Additionally, the Voting Group’s interests may not align with the interests of our other stockholders. Yucaipa and Mr. Caring are in the business of making investments in companies and may acquire and hold interests in businesses that compete directly or indirectly with us. Yucaipa and Mr. Caring may also pursue acquisition opportunities that may be complementary to our business, and, as a result, those acquisition opportunities may not be available to us.
We are a ‘controlled company’ within the meaning of the rules of and, as a result, we qualify for, and currently rely on, exemptions from certain corporate governance requirements; you will not have the same protections afforded to stockholders of companies that are subject to all such requirements.

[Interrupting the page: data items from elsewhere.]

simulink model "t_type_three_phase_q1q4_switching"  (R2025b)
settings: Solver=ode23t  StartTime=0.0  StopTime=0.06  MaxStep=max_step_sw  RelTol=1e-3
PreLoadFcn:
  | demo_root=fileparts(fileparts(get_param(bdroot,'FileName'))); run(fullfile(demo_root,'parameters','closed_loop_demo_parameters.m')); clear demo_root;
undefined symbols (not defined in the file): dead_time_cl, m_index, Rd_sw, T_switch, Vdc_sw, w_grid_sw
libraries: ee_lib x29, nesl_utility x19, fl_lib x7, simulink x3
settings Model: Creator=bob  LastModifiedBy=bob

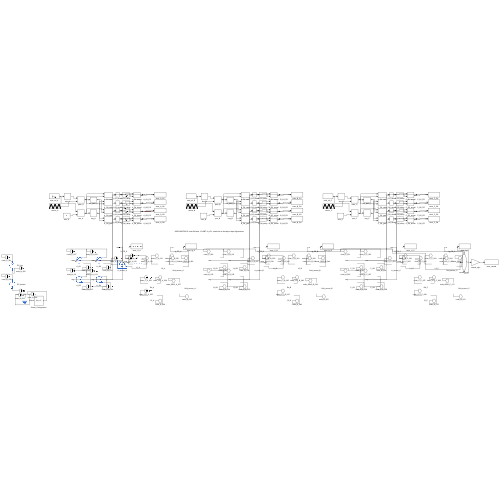
[thumbnail: Simulink's stored preview of the top-level diagram]
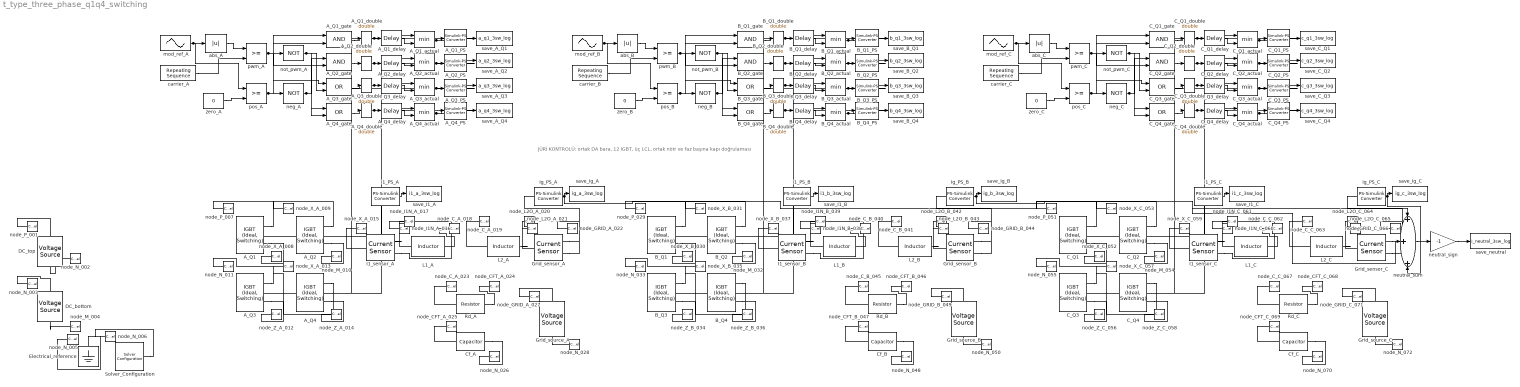
== system t_type_three_phase_q1q4_switching ==
  note: JÜRİ KONTROLÜ: ortak DA bara, 12 IGBT, üç LCL, ortak nötr ve faz başına kapı doğrulaması
  A_Q{1..4} (4 alike) : ee_lib/Semiconductors & Converters/IGBT (Ideal, Switching)  port_option=ee.enum.controlport.ps  Vf=Vf_sw V  Ron=Ron_sw Ohm  Goff=Goff_sw 1/Ohm  Vth=Vth_sw V  diode_param=ee.enum.semiconductors.protectionDiode.nodynamics  diode_Vf=0.8 V  diode_Ron=0.001 Ohm  diode_Goff=1e-5 1/Ohm  diode_C=50e-9 F  diode_iRM=-235 A  diode_iF=300 A  diode_idot=-50 A/us  diode_trr_param=ee.enum.converters.diodeReverseParam.trr_factor  diode_trr_factor=3  diode_trr=15 us  diode_Qrr=1500 s*uA  ice_specify=off  ice_priority=None  ice=0 A  ice_nominal_specify=off  ice_nominal_value=1  ice_nominal_unit=A  vce_specify=off  vce_priority=None  vce=0 V  vce_nominal_specify=off  vce_nominal_value=1  vce_nominal_unit=V  vge_specify=off  vge_priority=None  vge=0 V  vge_nominal_specify=off  vge_nominal_value=1  vge_nominal_unit=V  thermal_loss_option=ee.enum.converters.thermalLossOption.constantvalues  Von_data=[0, .1, .6, .8, 1, 1.3, 1.6, 2, 2.4; 0, .1, .7, 1, 1.2, 1.5, 1.9, 2.4, 2.8] V  Tj=[298.15, 398.15] K  Iout_data=[0, .1, 1, 5, 10, 20, 40, 70, 100] A  Eon_data=[0, .0024, .024, .12, .2, .48, 1.04, 2.16, 3.24; 0, .003, .03, .15, .25, .6, 1.3, 2.7, 4.05] * 1e-3 J  Eoff_data=[0, .0007, .0066, .033, .066, .17, .33, .83, 1.5; 0, .001, .01, .05, .1, .25, .5, 1.2, 2.2] * 1e-3 J  Eon_data_3D=[zeros(2, 9, 3)] J  Eoff_data_3D=[zeros(2, 9, 3)] J  Tj_loss=[298.15, 398.15] K  Iout_data_loss=[0, .1, 1, 5, 10, 20, 40, 70, 100] A  tabulateWithVce=false  Vce_loss=[0, 150, 300] V  Eon_scalar=22.86e-3 J  Eoff_scalar=17.14e-3 J  Voff=300 V  Iout_scalar=600 A  useCurrentFromPreviousCycle=false  useVoltageFromPreviousCycle=false  diodeModelType=ee.enum.converters.diodeModelType.pwl  diodeTableType=ee.enum.diode.tableType.IfMat  diode_ReverseIVType=ee.enum.diode.diodeReverseIV.constant  diode_IfMat=[.07, .12, .19, 1.75, 4.24, 7.32, 11.2; .16, .3, .72, 2.14, 4.02, 6.35, 9.12] A  diode_VfMat=[.9, 1.15, 1.25, 1.5, 1.75, 2.17, 2.6, 2.85; .58, .68, .75, 1.1, 1.38, 1.77, 2.27, 2.7] V  diode_TjVec=[25, 125] degC  diode_VfVec=[.5, .7, .9, 1.3, 1.7, 2.1, 2.5] V  diode_IfVec=[.1, .2, .5, 1, 2, 4, 7, 10] A  diode_IrMat=[1e-06, 2e-06, 5e-06, 1e-05, 2.5e-05, 5e-05, .0001; 2e-06, 5e-06, 1e-05, 4e-05, 8e-05, .0002, .0005] A  diode_VrMat=[10, 100, 200, 250, 300, 325, 350; 10, 70, 160, 220, 270, 300, 320] V  diode_VrVec=[10, 20, 40, 50, 70, 80, 100] V  diode_IrVec=[1e-06, 2e-06, 5e-06, 1e-05, 2e-05, 5e-05, .0001] A  diode_Vr=-600 V  diode_Ls=150 nH  diode_Erec=0.03 J  diode_rec_loss_model=ee.enum.diode.reverseRecoveryModel.fixed  diode_ErecVal=0 J  diode_scaleWithIandV=true  diode_ErecMat=zeros(2, 3) J  diode_TjrecVec=[298.15, 398.15] K  diode_IfrecVec=[.1, 1, 10] A  diode_IrecVal=10 A  diode_VrecVal=10 V  diode_tFilter=1 / 1000 / 100 s  separateThermalPortForDiode=false  thermal_network_parameterization=ee.enum.thermalNetworkTopology.external  Rth=[.08, .5] K/W  Rth_Cauer=[.08, .1, .5] K/W  Rth_Foster=[.08, .14, .22, .16] K/W  thermal_mass_parameterization=ee.enum.thermalNetwork.timeconstant  thermal_mass=[.01, .5] J/K  thermal_mass_Cauer=[.01, .1, .5] J/K  thermal_mass_Foster=[.001, .005, .05, .5] J/K  thermal_time_constant=[.001, .2] s  thermal_time_constant_Cauer=[.001, .1, .2] s  thermal_time_constant_Foster=[7e-05, .0007, .01, .08] s  thermal_mass_initial_temperatures=[25, 25] degC  thermal_mass_initial_temperatures_Cauer=[25, 25, 25] degC  junction_thermal_mass=0.01 J/K  Tvec_initial_Foster=[25, 25, 25, 25] degC  RthDiode=[.03, .2] K/W  RthCauerDiode=[.03, .1, .2] K/W  RthFosterDiode=[.03, .2] K/W  thermalMassDiode=[3, 25] J/K  thermalMassCauerDiode=[3, 10, 25] J/K  thermalMassFosterDiode=[33, 50] J/K  thermalTauDiode=[.1, 5] s  thermalTauCauerDiode=[.1, 1, 5] s  thermalTauFosterDiode=[1, 10] s  thermalMassInitTempDiode=[25, 25] degC  thermalMassInitTempCauerDiode=[25, 25, 25] degC  junctionthermalMassDiode=0.1 J/K  TVecInitialFosterDiode=[25, 25, 25, 25] degC  no_thermal_network=0  IGBT_junction_temperature_specify=off  IGBT_junction_temperature_priority=None  IGBT_junction_temperature=25 degC  IGBT_junction_temperature_nominal_specify=off  IGBT_junction_temperature_nominal_value=1  IGBT_junction_temperature_nominal_unit=degC  diode_junction_temperature_specify=off  diode_junction_temperature_priority=None  diode_junction_temperature=25 degC  diode_junction_temperature_nominal_specify=off  diode_junction_temperature_nominal_value=1  diode_junction_temperature_nominal_unit=degC  Qj_specify=off  Qj_priority=None  Qj=0 W  Qj_nominal_specify=off  Qj_nominal_value=1  Qj_nominal_unit=W  accumulatedSwitchingLosses_specify=off  accumulatedSwitchingLosses_priority=None  accumulatedSwitchingLosses=0 J
  A_Q1_PS : nesl_utility/Simulink-PS Converter  PhysicalDomain=network_engine_domain  SubClassName=ps_input  LeftPortType=input  RightPortType=output  PseudoPeriodic=off  Frequencies=[]  NoiseDistribution=none  NoiseParameters=[]  Unit=V  AffineConversion=off  FilteringAndDerivatives=zero  SimscapeFilterOrder=1  InputFilterTimeConstant=0.001  UdotUserProvided=0
  A_Q1_actual : MinMax  Inputs=2
  A_Q1_delay : TransportDelay  DelayTime=dead_time_cl
  A_Q1_double : DataTypeConversion  OutDataTypeStr=double  SaturateOnIntegerOverflow=off  RndMeth=Floor
  A_Q1_gate : Logic  AllPortsSameDT=off  OutDataTypeStr=boolean
  A_Q2_PS : nesl_utility/Simulink-PS Converter  PhysicalDomain=network_engine_domain  SubClassName=ps_input  LeftPortType=input  RightPortType=output  PseudoPeriodic=off  Frequencies=[]  NoiseDistribution=none  NoiseParameters=[]  Unit=V  AffineConversion=off  FilteringAndDerivatives=zero  SimscapeFilterOrder=1  InputFilterTimeConstant=0.001  UdotUserProvided=0
  A_Q2_actual : MinMax  Inputs=2
  A_Q2_delay : TransportDelay  DelayTime=dead_time_cl
  A_Q2_double : DataTypeConversion  OutDataTypeStr=double  SaturateOnIntegerOverflow=off  RndMeth=Floor
  A_Q2_gate : Logic  AllPortsSameDT=off  OutDataTypeStr=boolean
  A_Q3_PS : nesl_utility/Simulink-PS Converter  PhysicalDomain=network_engine_domain  SubClassName=ps_input  LeftPortType=input  RightPortType=output  PseudoPeriodic=off  Frequencies=[]  NoiseDistribution=none  NoiseParameters=[]  Unit=V  AffineConversion=off  FilteringAndDerivatives=zero  SimscapeFilterOrder=1  InputFilterTimeConstant=0.001  UdotUserProvided=0
  A_Q3_actual : MinMax  Inputs=2
  A_Q3_delay : TransportDelay  DelayTime=dead_time_cl
  A_Q3_double : DataTypeConversion  OutDataTypeStr=double  SaturateOnIntegerOverflow=off  RndMeth=Floor
  A_Q3_gate : Logic  Operator=OR  AllPortsSameDT=off  OutDataTypeStr=boolean
  A_Q4_PS : nesl_utility/Simulink-PS Converter  PhysicalDomain=network_engine_domain  SubClassName=ps_input  LeftPortType=input  RightPortType=output  PseudoPeriodic=off  Frequencies=[]  NoiseDistribution=none  NoiseParameters=[]  Unit=V  AffineConversion=off  FilteringAndDerivatives=zero  SimscapeFilterOrder=1  InputFilterTimeConstant=0.001  UdotUserProvided=0
  A_Q4_actual : MinMax  Inputs=2
  A_Q4_delay : TransportDelay  DelayTime=dead_time_cl
  A_Q4_double : DataTypeConversion  OutDataTypeStr=double  SaturateOnIntegerOverflow=off  RndMeth=Floor
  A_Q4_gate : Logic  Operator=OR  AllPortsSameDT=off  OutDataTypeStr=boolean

Because the Voting Group controls a majority of the combined voting power of our common stock, and will continue to for so long as it owns a requisite percentage of our total outstanding common stock, we will be a ‘controlled company’ within the meaning of the corporate governance standards of the NYSE. Under these rules, a company of which more than 50% of the voting power for the election of directors is held by an individual, group or another company is a ‘controlled company’ and may elect not to comply with certain corporate governance requirements, including the requirements that it has, within one year of the date of the listing of our shares of Class A common stock:
 
   
a Board that is composed of a majority of independent directors, as defined under the listing rules of the NYSE;
 
   
a compensation committee that is composed entirely of independent directors; and
 
   
a nominating and corporate governance committee that is composed entirely of independent directors.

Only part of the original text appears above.